▶ **YOUR INSTRUCTIONS**: The printed result should hold only the lines from the opening of the data through the line bearing "extrude(amount=EXTRUDE_1_DEPTH)", exactly as given and without pictures.

▶ **DATASET RECORDS**:

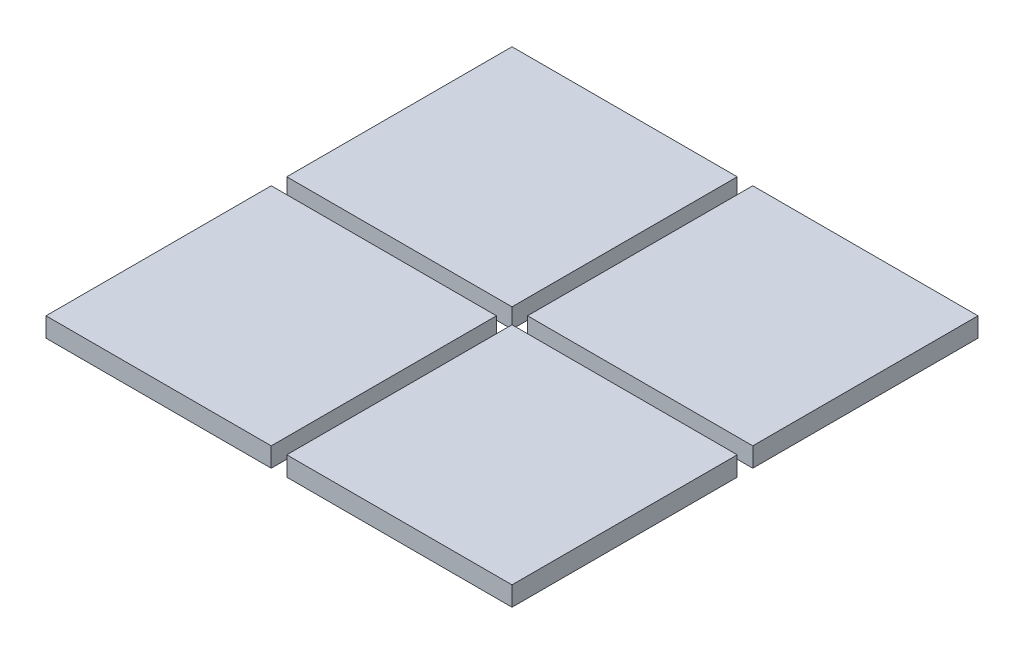
from build123d import *

# Parameters (mm, degrees)
SKETCH_3_W        = 5.8
SKETCH_3_H        = 5.8
EXTRUDE_1_DEPTH   = 0.5
EXTRUDE_1_2_DEPTH = 0.5
EXTRUDE_1_3_DEPTH = 0.5
EXTRUDE_1_4_DEPTH = 0.5
MOVE_BODY_2_ANGLE = 90


with BuildPart() as part:
    # 草图3 → 凸台-拉伸1 (new body)
    with BuildSketch(Plane(origin=(0, 0, 0), x_dir=(0, 0, -1), z_dir=(1, 0, 0))):
        with Locations((3.1, 3.1)):
            Rectangle(SKETCH_3_W, SKETCH_3_H)
    extrude(amount=EXTRUDE_1_DEPTH)


with BuildPart() as body_2:
    # 草图3 → Extrude 1 2 (new body)
    with BuildSketch(Plane(origin=(0, 0, 0), x_dir=(0, 0, -1), z_dir=(1, 0, 0))):
        with Locations((-3.1, -3.1)):
            Rectangle(SKETCH_3_W, SKETCH_3_H)
    extrude(amount=EXTRUDE_1_2_DEPTH)


with BuildPart() as body_3:
    # 草图3 → Extrude 1 3 (new body)
    with BuildSketch(Plane(origin=(0, 0, 0), x_dir=(0, 0, -1), z_dir=(1, 0, 0))):
        with Locations((3.1, -3.1)):
            Rectangle(SKETCH_3_W, SKETCH_3_H)
    extrude(amount=EXTRUDE_1_3_DEPTH)


with BuildPart() as body_4:
    # 草图3 → Extrude 1 4 (new body)
    with BuildSketch(Plane(origin=(0, 0, 0), x_dir=(0, 0, -1), z_dir=(1, 0, 0))):
        with Locations((-3.1, 3.1)):
            Rectangle(SKETCH_3_W, SKETCH_3_H)
    extrude(amount=EXTRUDE_1_4_DEPTH)


with BuildPart() as body_2_1:
    # Move Body 2: moved
    add(body_2.part.rotate(Axis((0, 0, 0), (0, 0, 1)), MOVE_BODY_2_ANGLE))


with BuildPart() as body_4_1:
    # Move Body 2: moved
    add(body_4.part.rotate(Axis((0, 0, 0), (0, 0, 1)), MOVE_BODY_2_ANGLE))


with BuildPart() as part_1:
    # Move Body 2: moved
    add(part.part.rotate(Axis((0, 0, 0), (0, 0, 1)), MOVE_BODY_2_ANGLE))


with BuildPart() as body_3_1:
    # Move Body 2: moved
    add(body_3.part.rotate(Axis((0, 0, 0), (0, 0, 1)), MOVE_BODY_2_ANGLE))


solid = Compound([body_2_1.part, body_4_1.part, part_1.part, body_3_1.part])
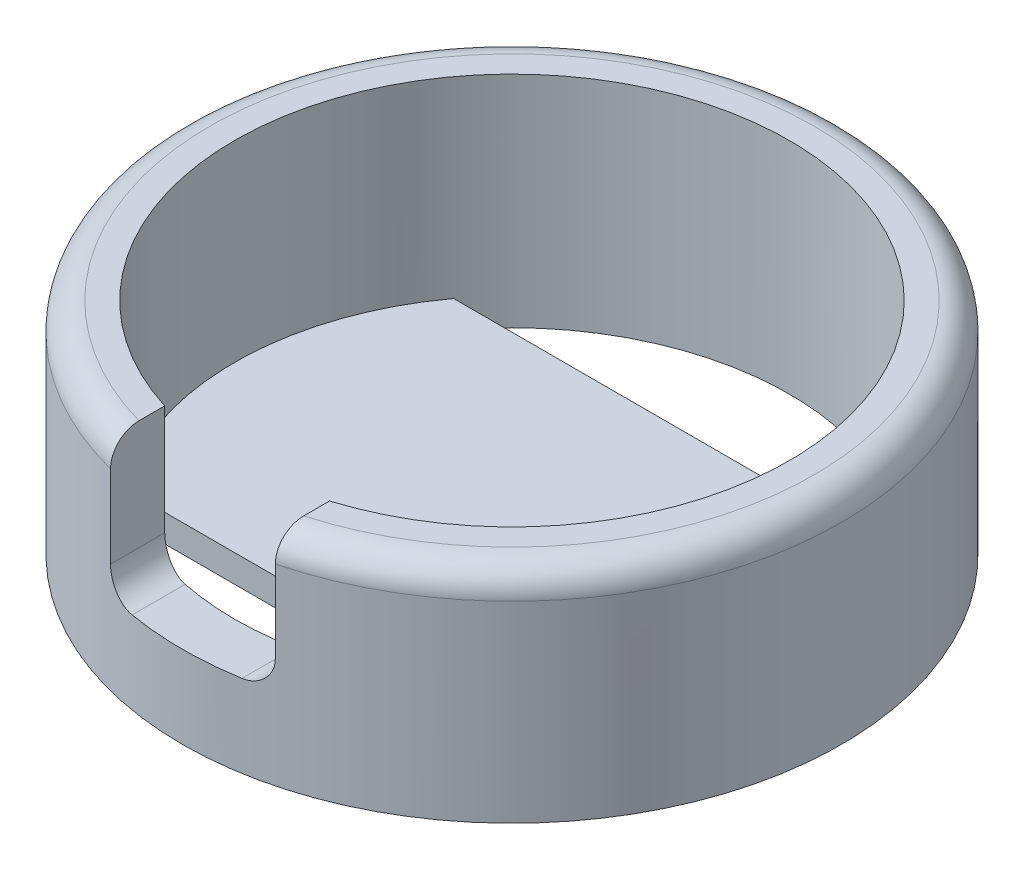
from build123d import *

# Parameters (mm, degrees)
SKETCH1_R           = 6
SKETCH1_R_2         = 5.05
BOSS_EXTRUDE1_DEPTH = 3.5
SKETCH4_R           = 6
BOSS_EXTRUDE2_DEPTH = 0.5
SKETCH5_W           = 3
SKETCH5_H           = 1.177915389
CUT_EXTRUDE3_DEPTH  = 2.5
CUT_EXTRUDE4_DEPTH  = 1.5
FILLET1_R           = 0.5


with BuildPart() as part:
    # Sketch1 → Boss-Extrude1 (new body)
    with BuildSketch(Plane(origin=(0, 0, 0), x_dir=(1, 0, 0), z_dir=(0, 1, 0))):
        Circle(SKETCH1_R)
        Circle(SKETCH1_R_2, mode=Mode.SUBTRACT)
    extrude(amount=BOSS_EXTRUDE1_DEPTH)

    # Sketch4 → Boss-Extrude2 (add)
    with BuildSketch(Plane.XZ):
        Circle(SKETCH4_R)
    extrude(amount=BOSS_EXTRUDE2_DEPTH)

    # Sketch5 → Cut-Extrude3 (cut)
    with BuildSketch(Plane.XZ.offset(-3.5)):
        with Locations((0, 5.411042306)):
            Rectangle(SKETCH5_W, SKETCH5_H)
    extrude(amount=CUT_EXTRUDE3_DEPTH, mode=Mode.SUBTRACT)

    # Sketch7 → Cut-Extrude4 (cut, through all)
    with BuildSketch(Plane(origin=(0, 0, 0), x_dir=(1, 0, 0), z_dir=(0, 1, 0))):
        with BuildLine():
            Line((4.062326919, -3), (-4.062326919, -3))
            ThreePointArc((-4.062326919, -3), (0, -5.05), (4.062326919, -3))
        make_face()
        with BuildLine():
            Line((4.062326919, 3), (-4.062326919, 3))
            ThreePointArc((-4.062326919, 3), (0, 5.05), (4.062326919, 3))
        make_face()
    extrude(amount=-CUT_EXTRUDE4_DEPTH, mode=Mode.SUBTRACT)

    # Fillet1
    fillet1_edges = [part.edges().sort_by_distance(p)[0] for p in [
        (-3.674234614, 3.5, -4.74341649),
        (-1.5, 1, 5.315779815),
        (1.5, 1, 5.315779815),
    ]]
    fillet(fillet1_edges, radius=FILLET1_R)


solid = part.part
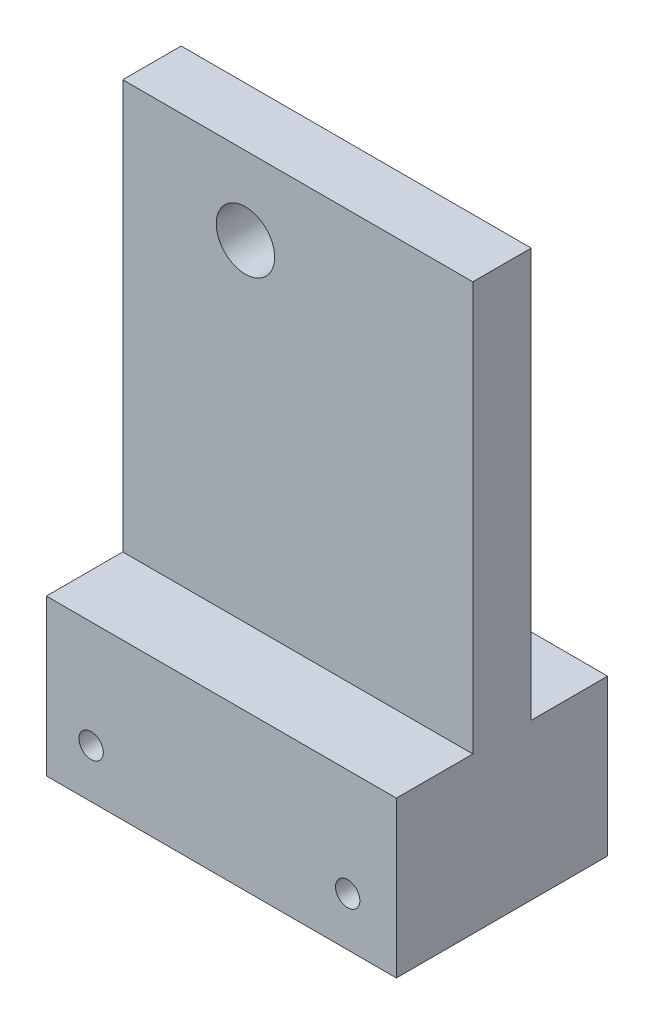
from build123d import *

# Parameters (mm, degrees)
SIDE_W                                      = 35.95
SIDE_H                                      = 10
AUFSATZ_LINEAR_AUSTRAGEN1_DEPTH             = 10.85
AUFSATZ_LINEAR_AUSTRAGEN1_DEPTH_BACK        = 10.85
SKIZZE5_R                                   = 1.25
SCHNITT_LINEAR_AUSTRAGEN1_DEPTH             = 11.85
SCHNITT_LINEAR_AUSTRAGEN1_DEPTH_BACK        = 11.85
TOPEXTENSION_W                              = 35.95
TOPEXTENSION_H                              = 48
TOPEXTENSION_R                              = 3
AUFSATZ_LINEAR_AUSTRAGEN2_DEPTH             = 3
AUFSATZ_LINEAR_AUSTRAGEN2_DEPTH_BACK        = 3
AUFSATZ_LINEAR_AUSTRAGEN3_REACH             = 12.85
SKIZZE8_W                                   = 35.95
SKIZZE8_H                                   = 6
AUFSATZ_LINEAR_AUSTRAGEN3_DIRECTION_2_REACH = 12.85


with BuildPart() as part:
    # Side → Aufsatz-Linear austragen1 (new body, two sides)
    with BuildSketch(Plane.XY) as aufsatz_linear_austragen1_sk:
        with Locations((5.375, 625)):
            Rectangle(SIDE_W, SIDE_H)
    extrude(amount=AUFSATZ_LINEAR_AUSTRAGEN1_DEPTH)
    extrude(aufsatz_linear_austragen1_sk.sketch, amount=-AUFSATZ_LINEAR_AUSTRAGEN1_DEPTH_BACK)

    # Skizze5 → Schnitt-Linear austragen1 (cut, two sides)
    with BuildSketch(Plane.XY) as schnitt_linear_austragen1_sk:
        with Locations((-8, 625)):
            Circle(SKIZZE5_R)
        with Locations((18.35, 625)):
            Circle(SKIZZE5_R)
    extrude(amount=SCHNITT_LINEAR_AUSTRAGEN1_DEPTH, mode=Mode.SUBTRACT)
    extrude(schnitt_linear_austragen1_sk.sketch, amount=-SCHNITT_LINEAR_AUSTRAGEN1_DEPTH_BACK, mode=Mode.SUBTRACT)

    # TopExtension → Aufsatz-Linear austragen2 (add, two sides)
    with BuildSketch(Plane.XY) as aufsatz_linear_austragen2_sk:
        with Locations((5.375, 654)):
            Rectangle(TOPEXTENSION_W, TOPEXTENSION_H)
        with Locations((0, 670)):
            Circle(TOPEXTENSION_R, mode=Mode.SUBTRACT)
    extrude(amount=AUFSATZ_LINEAR_AUSTRAGEN2_DEPTH)
    extrude(aufsatz_linear_austragen2_sk.sketch, amount=-AUFSATZ_LINEAR_AUSTRAGEN2_DEPTH_BACK)

    # Aufsatz-Linear austragen3: up to this face of the body (flat: up to its plane)
    aufsatz_linear_austragen3_end = Plane(part.part.faces().sort_by_distance((5.38061508, 625, 10.85))[0])
    # Skizze8 → Aufsatz-Linear austragen3 (add, up to the picked face)
    with BuildSketch(Plane.XY, mode=Mode.PRIVATE) as aufsatz_linear_austragen3_sk1:
        with Locations((5.375, 633)):
            Rectangle(SKIZZE8_W, SKIZZE8_H)
    aufsatz_linear_austragen3_tool1 = split(extrude(aufsatz_linear_austragen3_sk1.sketch, amount=AUFSATZ_LINEAR_AUSTRAGEN3_REACH, mode=Mode.PRIVATE), bisect_by=aufsatz_linear_austragen3_end, keep=Keep.BOTH, mode=Mode.PRIVATE)
    add(aufsatz_linear_austragen3_tool1.solids().sort_by_distance((5.375, 633, 0))[0])

    # Aufsatz-Linear austragen3 direction 2: up to this face of the body (flat: up to its plane)
    aufsatz_linear_austragen3_direction_2_end = Plane(part.part.faces().sort_by_distance((5.38061508, 625, -10.85))[0])
    # Skizze8 → Aufsatz-Linear austragen3 direction 2 (add, up to the picked face)
    with BuildSketch(Plane.XY, mode=Mode.PRIVATE) as aufsatz_linear_austragen3_direction_2_sk1:
        with Locations((5.375, 633)):
            Rectangle(SKIZZE8_W, SKIZZE8_H)
    aufsatz_linear_austragen3_direction_2_tool1 = split(extrude(aufsatz_linear_austragen3_direction_2_sk1.sketch, amount=-AUFSATZ_LINEAR_AUSTRAGEN3_DIRECTION_2_REACH, mode=Mode.PRIVATE), bisect_by=aufsatz_linear_austragen3_direction_2_end, keep=Keep.BOTH, mode=Mode.PRIVATE)
    add(aufsatz_linear_austragen3_direction_2_tool1.solids().sort_by_distance((5.375, 633, 0))[0])


solid = part.part
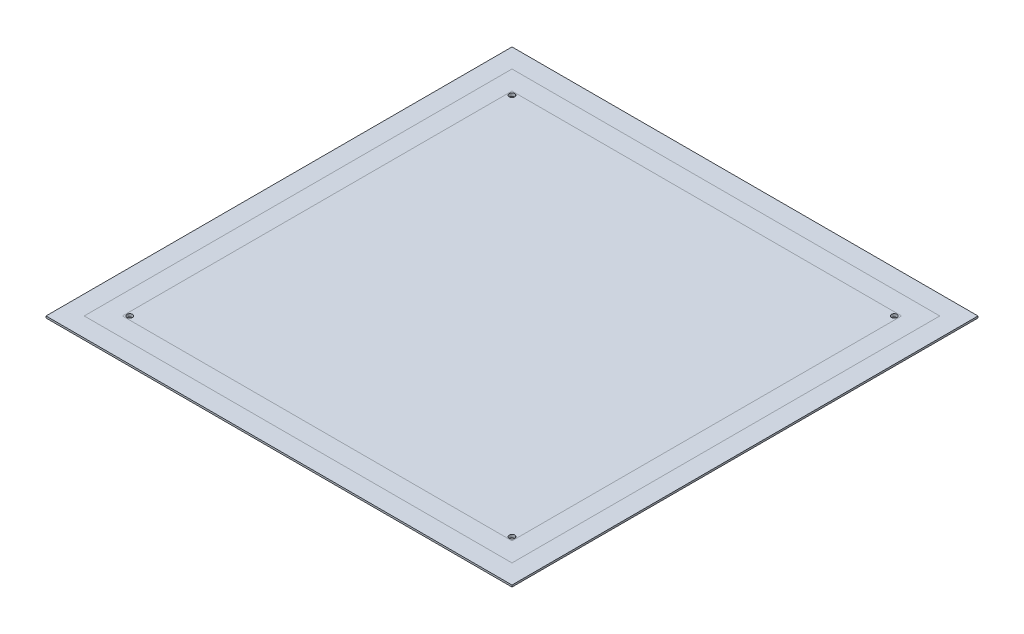
from build123d import *

# Parameters (mm, degrees)
SKETCH1_W                  = 214
SKETCH1_H                  = 214
BOSS_EXTRUDE1_DEPTH        = 1.6
M2_5_CLEARANCE_HOLE1_D     = 3.1
M2_5_CLEARANCE_HOLE1_DEPTH = 11.938
M2_5_CLEARANCE_HOLE1_TIP   = 0.931333959
SKETCH5_W                  = 235
SKETCH5_H                  = 235
SKETCH5_W_2                = 214
SKETCH5_H_2                = 214
BOSS_EXTRUDE2_DEPTH        = 1
SKETCH6_W                  = 256
SKETCH6_H                  = 256
SKETCH6_W_2                = 235
SKETCH6_H_2                = 235
BOSS_EXTRUDE3_DEPTH        = 1


with BuildPart() as part:
    # Sketch1 → Boss-Extrude1 (new body)
    with BuildSketch(Plane(origin=(0, 0, 0), x_dir=(1, 0, 0), z_dir=(0, 1, 0))):
        Rectangle(SKETCH1_W, SKETCH1_H)
    extrude(amount=BOSS_EXTRUDE1_DEPTH)

    # M2.5 Clearance Hole1
    with Locations(Plane(origin=(0, 1.6, 0), x_dir=(1, 0, 0), z_dir=(0, 1, 0))):
        with Locations((-105, 105), (105, 105), (105, -105), (-105, -105)):
            Hole(M2_5_CLEARANCE_HOLE1_D / 2, depth=M2_5_CLEARANCE_HOLE1_DEPTH)
            with Locations((0, 0, -(M2_5_CLEARANCE_HOLE1_DEPTH + M2_5_CLEARANCE_HOLE1_TIP / 2))):  # 118° drill point
                Cone(0, M2_5_CLEARANCE_HOLE1_D / 2, M2_5_CLEARANCE_HOLE1_TIP, mode=Mode.SUBTRACT)


with BuildPart() as body_2:
    # Sketch5 → Boss-Extrude2 (new body)
    with BuildSketch(Plane(origin=(0, 1.6, 0), x_dir=(1, 0, 0), z_dir=(0, 1, 0))):
        Rectangle(SKETCH5_W, SKETCH5_H)
        Rectangle(SKETCH5_W_2, SKETCH5_H_2, mode=Mode.SUBTRACT)
    extrude(amount=-BOSS_EXTRUDE2_DEPTH)


with BuildPart() as body_3:
    # Sketch6 → Boss-Extrude3 (new body)
    with BuildSketch(Plane(origin=(0, 1.6, 0), x_dir=(1, 0, 0), z_dir=(0, 1, 0))):
        Rectangle(SKETCH6_W, SKETCH6_H)
        Rectangle(SKETCH6_W_2, SKETCH6_H_2, mode=Mode.SUBTRACT)
    extrude(amount=-BOSS_EXTRUDE3_DEPTH)


solid = Compound([part.part, body_2.part, body_3.part])

▶ **ANSWER SPACE**:
from build123d import *

# Parameters (mm, degrees)
SKETCH_3_W        = 5.8
SKETCH_3_H        = 5.8
EXTRUDE_1_DEPTH   = 0.5
EXTRUDE_1_2_DEPTH = 0.5
EXTRUDE_1_3_DEPTH = 0.5
EXTRUDE_1_4_DEPTH = 0.5
MOVE_BODY_2_ANGLE = 90


with BuildPart() as part:
    # 草图3 → 凸台-拉伸1 (new body)
    with BuildSketch(Plane(origin=(0, 0, 0), x_dir=(0, 0, -1), z_dir=(1, 0, 0))):
        with Locations((3.1, 3.1)):
            Rectangle(SKETCH_3_W, SKETCH_3_H)
    extrude(amount=EXTRUDE_1_DEPTH)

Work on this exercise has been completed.